• **Exercise**:
Locate the word "Constant" in the material, then show every line that holds it.

Recorded information Start Marker

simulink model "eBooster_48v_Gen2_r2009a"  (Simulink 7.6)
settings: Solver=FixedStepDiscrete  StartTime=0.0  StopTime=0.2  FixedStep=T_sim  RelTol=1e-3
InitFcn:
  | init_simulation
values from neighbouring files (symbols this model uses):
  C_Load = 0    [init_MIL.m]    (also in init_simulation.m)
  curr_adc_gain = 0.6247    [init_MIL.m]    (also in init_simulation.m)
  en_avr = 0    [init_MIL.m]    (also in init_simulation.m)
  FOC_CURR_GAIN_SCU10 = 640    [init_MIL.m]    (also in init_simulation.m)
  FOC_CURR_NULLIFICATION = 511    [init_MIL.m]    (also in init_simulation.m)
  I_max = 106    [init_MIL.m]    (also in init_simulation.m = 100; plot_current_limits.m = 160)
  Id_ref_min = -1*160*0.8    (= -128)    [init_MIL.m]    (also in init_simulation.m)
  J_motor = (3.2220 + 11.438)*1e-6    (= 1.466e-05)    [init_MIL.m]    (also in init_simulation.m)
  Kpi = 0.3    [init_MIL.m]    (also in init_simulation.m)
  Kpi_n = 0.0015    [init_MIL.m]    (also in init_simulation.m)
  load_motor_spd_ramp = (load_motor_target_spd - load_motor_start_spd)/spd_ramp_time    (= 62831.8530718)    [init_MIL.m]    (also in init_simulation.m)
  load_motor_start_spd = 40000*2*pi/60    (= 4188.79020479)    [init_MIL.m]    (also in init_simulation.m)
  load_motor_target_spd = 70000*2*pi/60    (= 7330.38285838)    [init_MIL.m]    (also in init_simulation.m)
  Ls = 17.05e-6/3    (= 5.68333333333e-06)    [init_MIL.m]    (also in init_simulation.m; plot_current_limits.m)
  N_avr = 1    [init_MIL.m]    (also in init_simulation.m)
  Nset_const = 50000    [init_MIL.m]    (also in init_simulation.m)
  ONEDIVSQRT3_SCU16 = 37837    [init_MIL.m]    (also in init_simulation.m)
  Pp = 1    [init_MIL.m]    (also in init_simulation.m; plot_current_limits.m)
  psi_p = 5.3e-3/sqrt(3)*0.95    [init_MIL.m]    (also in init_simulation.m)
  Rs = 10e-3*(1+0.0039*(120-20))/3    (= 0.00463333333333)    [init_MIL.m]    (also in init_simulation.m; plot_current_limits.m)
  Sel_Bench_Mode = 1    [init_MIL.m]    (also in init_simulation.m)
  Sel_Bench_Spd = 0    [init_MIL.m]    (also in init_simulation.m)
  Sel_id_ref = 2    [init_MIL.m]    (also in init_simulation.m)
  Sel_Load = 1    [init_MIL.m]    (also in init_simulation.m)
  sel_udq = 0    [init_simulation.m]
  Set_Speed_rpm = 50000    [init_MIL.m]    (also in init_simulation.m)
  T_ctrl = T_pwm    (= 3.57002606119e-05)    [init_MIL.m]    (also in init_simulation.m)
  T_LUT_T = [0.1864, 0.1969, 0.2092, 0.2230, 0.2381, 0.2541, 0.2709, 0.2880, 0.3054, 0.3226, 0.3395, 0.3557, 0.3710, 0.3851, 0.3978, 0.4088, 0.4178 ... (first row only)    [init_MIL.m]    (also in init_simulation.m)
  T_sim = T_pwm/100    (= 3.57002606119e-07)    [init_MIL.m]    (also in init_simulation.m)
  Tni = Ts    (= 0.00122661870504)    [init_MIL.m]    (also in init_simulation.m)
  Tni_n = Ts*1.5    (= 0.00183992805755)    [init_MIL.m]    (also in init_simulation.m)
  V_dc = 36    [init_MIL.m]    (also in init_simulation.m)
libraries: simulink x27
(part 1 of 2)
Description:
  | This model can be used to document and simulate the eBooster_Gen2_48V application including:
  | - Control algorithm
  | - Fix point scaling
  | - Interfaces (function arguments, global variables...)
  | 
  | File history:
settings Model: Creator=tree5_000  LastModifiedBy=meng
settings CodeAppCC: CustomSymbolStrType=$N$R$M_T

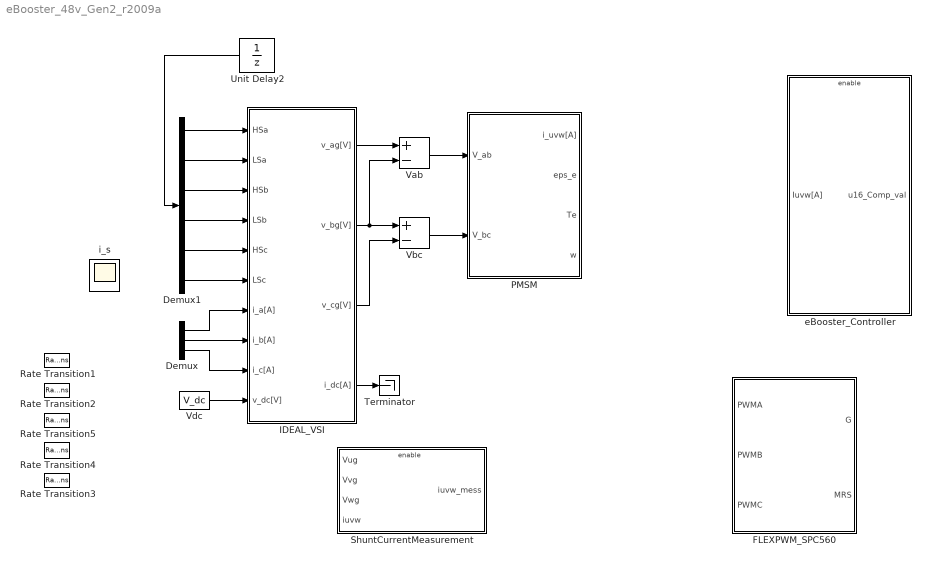
== system eBooster_48v_Gen2_r2009a ==
  Demux : Demux  Outputs=3
  Demux1 : Demux  Outputs=6
  FLEXPWM_SPC560 : Subsystem
  IDEAL_VSI : Subsystem
  PMSM : Subsystem  MinMaxOverflowLogging=ForceOff
  Rate Transition{1..5} (5 alike) : RateTransition  Integrity=off  Deterministic=off  OutPortSampleTime=T_ctrl
  ShuntCurrentMeasurement : Subsystem
  Terminator : Terminator
  Unit Delay2 : UnitDelay  SampleTime=-1
  Vab : Sum  Inputs=+-
  Vbc : Sum  Inputs=+-
  Vdc : Constant  Value=V_dc
  eBooster_Controller : Subsystem
  i_s : Scope
      settings: YMin=-500  YMax=500  SaveName=ScopeData2
  wires:
  IDEAL_VSI/1(v_ag[V]) -> Vab/1
  IDEAL_VSI/2(v_bg[V]) -> Vab/2, Vbc/1
  IDEAL_VSI/3(v_cg[V]) -> Vbc/2
  Vbc/1 -> PMSM/2(V_bc)
  Demux/1 -> IDEAL_VSI/7(i_a[A])
  Demux/2 -> IDEAL_VSI/8(i_b[A])
  Demux/3 -> IDEAL_VSI/9(i_c[A])
  Demux1/1 -> IDEAL_VSI/1(HSa)
  Demux1/2 -> IDEAL_VSI/2(LSa)
  Demux1/3 -> IDEAL_VSI/3(HSb)
  Demux1/4 -> IDEAL_VSI/4(LSb)
  Demux1/5 -> IDEAL_VSI/5(HSc)
  Demux1/6 -> IDEAL_VSI/6(LSc)
  IDEAL_VSI/4(i_dc[A]) -> Terminator/1
  Vab/1 -> PMSM/1(V_ab)
  Unit Delay2/1 -> Demux1/1
  Vdc/1 -> IDEAL_VSI/10(v_dc[V])

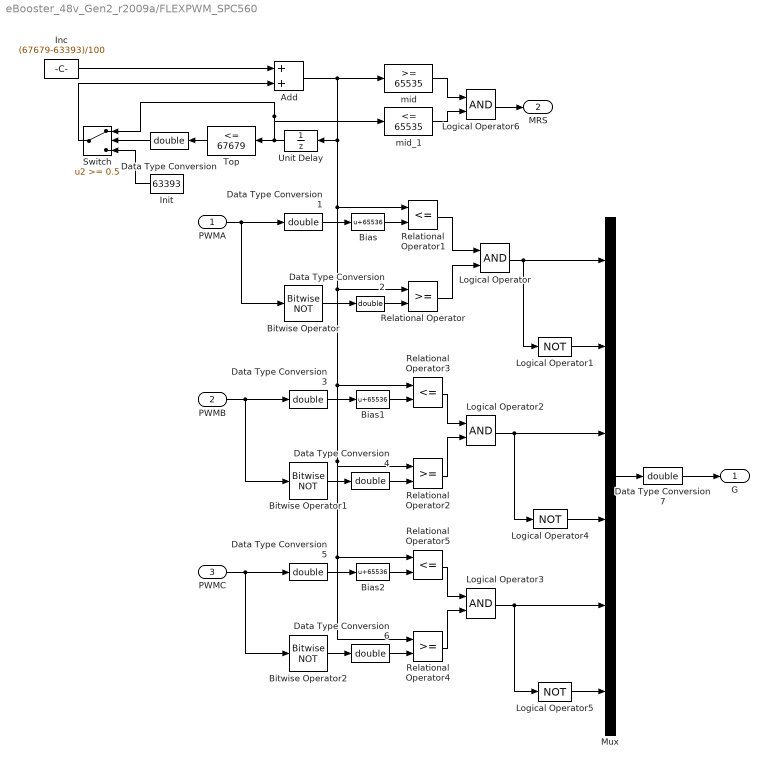
== system eBooster_48v_Gen2_r2009a/FLEXPWM_SPC560 ==
  PWMA : Inport
  PWMB : Inport  Port=2
  PWMC : Inport  Port=3
  Add : Sum
  Bias : Bias  Bias=65536
  Bias1 : Bias  Bias=65536
  Bias2 : Bias  Bias=65536
  Bitwise Operator : simulink/Logic and Bit Operations/Bitwise Operator  logicop=NOT  UseBitMask=off  BitMask=bin2dec('11011001')  BitMaskRealWorld=Stored Integer
  Bitwise Operator1 : simulink/Logic and Bit Operations/Bitwise Operator  logicop=NOT  UseBitMask=off  BitMask=bin2dec('11011001')  BitMaskRealWorld=Stored Integer
  Bitwise Operator2 : simulink/Logic and Bit Operations/Bitwise Operator  logicop=NOT  UseBitMask=off  BitMask=bin2dec('11011001')  BitMaskRealWorld=Stored Integer
  Data Type Conversion{,1..7} (8 alike) : DataTypeConversion  OutDataTypeStr=double
  Inc : Constant  Value=(67679-63393)/100
  Init : Constant  Value=63393
  Logical Operator{,2..3,6} (4 alike) : Logic  AllPortsSameDT=off  OutDataTypeStr=boolean
  Logical Operator1 : Logic  Operator=NOT  AllPortsSameDT=off  OutDataTypeStr=boolean
  Logical Operator4 : Logic  Operator=NOT  AllPortsSameDT=off  OutDataTypeStr=boolean
  Logical Operator5 : Logic  Operator=NOT  AllPortsSameDT=off  OutDataTypeStr=boolean
  Mux : Mux  Inputs=6
  Relational Operator : RelationalOperator  OutDataTypeStr=boolean
  Relational Operator1 : RelationalOperator  Operator=<=  OutDataTypeStr=boolean
  Relational Operator2 : RelationalOperator  OutDataTypeStr=boolean
  Relational Operator3 : RelationalOperator  Operator=<=  OutDataTypeStr=boolean
  Relational Operator4 : RelationalOperator  OutDataTypeStr=boolean
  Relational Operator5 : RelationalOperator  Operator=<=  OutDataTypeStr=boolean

Recorded information End Marker

• **Answer box**:
  Vdc : Constant  Value=V_dc
  Inc : Constant  Value=(67679-63393)/100
  Init : Constant  Value=63393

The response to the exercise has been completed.